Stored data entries

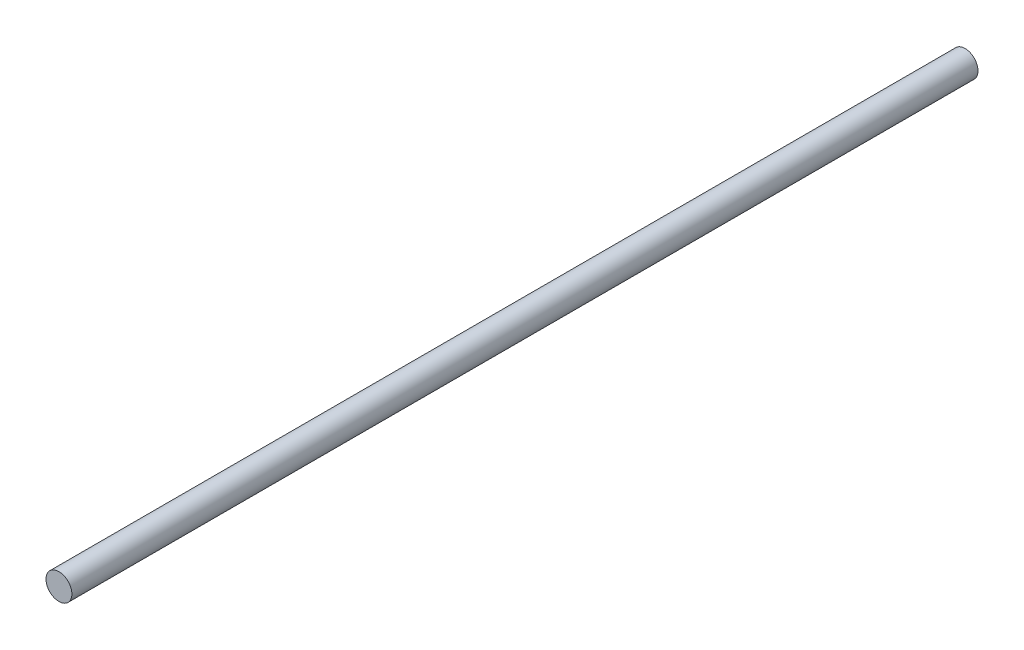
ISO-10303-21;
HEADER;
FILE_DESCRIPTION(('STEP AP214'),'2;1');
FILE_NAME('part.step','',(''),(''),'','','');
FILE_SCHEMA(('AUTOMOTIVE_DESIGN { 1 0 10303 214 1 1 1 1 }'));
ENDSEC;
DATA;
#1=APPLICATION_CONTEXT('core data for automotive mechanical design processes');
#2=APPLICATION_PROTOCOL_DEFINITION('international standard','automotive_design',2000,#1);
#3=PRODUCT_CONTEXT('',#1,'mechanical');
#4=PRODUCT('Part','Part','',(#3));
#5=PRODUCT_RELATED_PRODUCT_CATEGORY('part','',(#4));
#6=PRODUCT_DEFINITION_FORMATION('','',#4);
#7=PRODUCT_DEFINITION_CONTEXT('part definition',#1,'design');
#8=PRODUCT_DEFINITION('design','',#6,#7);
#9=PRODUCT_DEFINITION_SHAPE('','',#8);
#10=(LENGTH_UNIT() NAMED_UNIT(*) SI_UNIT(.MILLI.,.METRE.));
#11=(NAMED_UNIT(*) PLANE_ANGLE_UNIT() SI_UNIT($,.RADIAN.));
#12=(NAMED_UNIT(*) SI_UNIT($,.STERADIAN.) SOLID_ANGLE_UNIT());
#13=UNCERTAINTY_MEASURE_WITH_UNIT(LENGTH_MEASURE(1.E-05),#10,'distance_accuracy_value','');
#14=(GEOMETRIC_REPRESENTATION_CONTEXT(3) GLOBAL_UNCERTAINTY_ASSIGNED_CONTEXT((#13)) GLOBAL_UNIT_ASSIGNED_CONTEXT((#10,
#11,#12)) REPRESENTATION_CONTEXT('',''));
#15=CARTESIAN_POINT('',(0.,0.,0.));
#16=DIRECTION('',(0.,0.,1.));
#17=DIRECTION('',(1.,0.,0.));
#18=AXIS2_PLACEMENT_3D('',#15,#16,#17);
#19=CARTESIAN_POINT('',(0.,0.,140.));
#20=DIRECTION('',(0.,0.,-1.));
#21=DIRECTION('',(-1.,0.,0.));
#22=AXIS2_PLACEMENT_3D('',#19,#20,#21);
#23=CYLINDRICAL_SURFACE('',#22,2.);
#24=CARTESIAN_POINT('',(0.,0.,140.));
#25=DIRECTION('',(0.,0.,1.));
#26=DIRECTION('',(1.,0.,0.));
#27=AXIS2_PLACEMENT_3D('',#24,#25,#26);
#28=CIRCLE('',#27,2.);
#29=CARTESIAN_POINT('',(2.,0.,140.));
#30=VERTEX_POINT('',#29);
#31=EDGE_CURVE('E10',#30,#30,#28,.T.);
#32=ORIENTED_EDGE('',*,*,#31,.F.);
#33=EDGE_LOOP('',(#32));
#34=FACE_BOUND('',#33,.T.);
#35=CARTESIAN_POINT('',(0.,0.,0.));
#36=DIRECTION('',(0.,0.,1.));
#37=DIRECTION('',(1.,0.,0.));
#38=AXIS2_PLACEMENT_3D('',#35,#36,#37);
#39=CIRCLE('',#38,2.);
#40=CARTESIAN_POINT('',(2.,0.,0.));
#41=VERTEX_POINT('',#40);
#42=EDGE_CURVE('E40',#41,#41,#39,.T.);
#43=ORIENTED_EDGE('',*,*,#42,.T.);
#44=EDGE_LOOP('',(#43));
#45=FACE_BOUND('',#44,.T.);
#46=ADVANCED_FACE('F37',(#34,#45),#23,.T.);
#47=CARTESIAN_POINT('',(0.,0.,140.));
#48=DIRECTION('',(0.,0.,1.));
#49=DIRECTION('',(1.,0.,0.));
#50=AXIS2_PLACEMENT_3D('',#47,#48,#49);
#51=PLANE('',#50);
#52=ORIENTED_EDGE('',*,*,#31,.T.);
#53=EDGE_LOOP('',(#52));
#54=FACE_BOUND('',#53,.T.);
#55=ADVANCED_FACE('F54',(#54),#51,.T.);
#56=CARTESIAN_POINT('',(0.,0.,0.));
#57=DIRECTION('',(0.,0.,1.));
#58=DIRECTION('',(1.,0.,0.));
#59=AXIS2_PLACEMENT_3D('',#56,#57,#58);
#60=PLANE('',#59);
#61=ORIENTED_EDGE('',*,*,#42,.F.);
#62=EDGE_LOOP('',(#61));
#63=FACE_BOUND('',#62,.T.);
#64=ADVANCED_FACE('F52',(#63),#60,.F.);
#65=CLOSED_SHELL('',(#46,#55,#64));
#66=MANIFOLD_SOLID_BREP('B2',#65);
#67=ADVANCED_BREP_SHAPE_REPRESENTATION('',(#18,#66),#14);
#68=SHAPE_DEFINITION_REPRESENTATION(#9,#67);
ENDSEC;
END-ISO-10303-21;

## AIM OF THE TASK
Your answer should be the exact lines above from the one with "#16=DIRECTION('',(0.,0.,1.));" through the one with "#28=CIRCLE('',#27,2.);", both included, and nothing besides.

## TASK ANSWER
#16=DIRECTION('',(0.,0.,1.));
#17=DIRECTION('',(1.,0.,0.));
#18=AXIS2_PLACEMENT_3D('',#15,#16,#17);
#19=CARTESIAN_POINT('',(0.,0.,140.));
#20=DIRECTION('',(0.,0.,-1.));
#21=DIRECTION('',(-1.,0.,0.));
#22=AXIS2_PLACEMENT_3D('',#19,#20,#21);
#23=CYLINDRICAL_SURFACE('',#22,2.);
#24=CARTESIAN_POINT('',(0.,0.,140.));
#25=DIRECTION('',(0.,0.,1.));
#26=DIRECTION('',(1.,0.,0.));
#27=AXIS2_PLACEMENT_3D('',#24,#25,#26);
#28=CIRCLE('',#27,2.);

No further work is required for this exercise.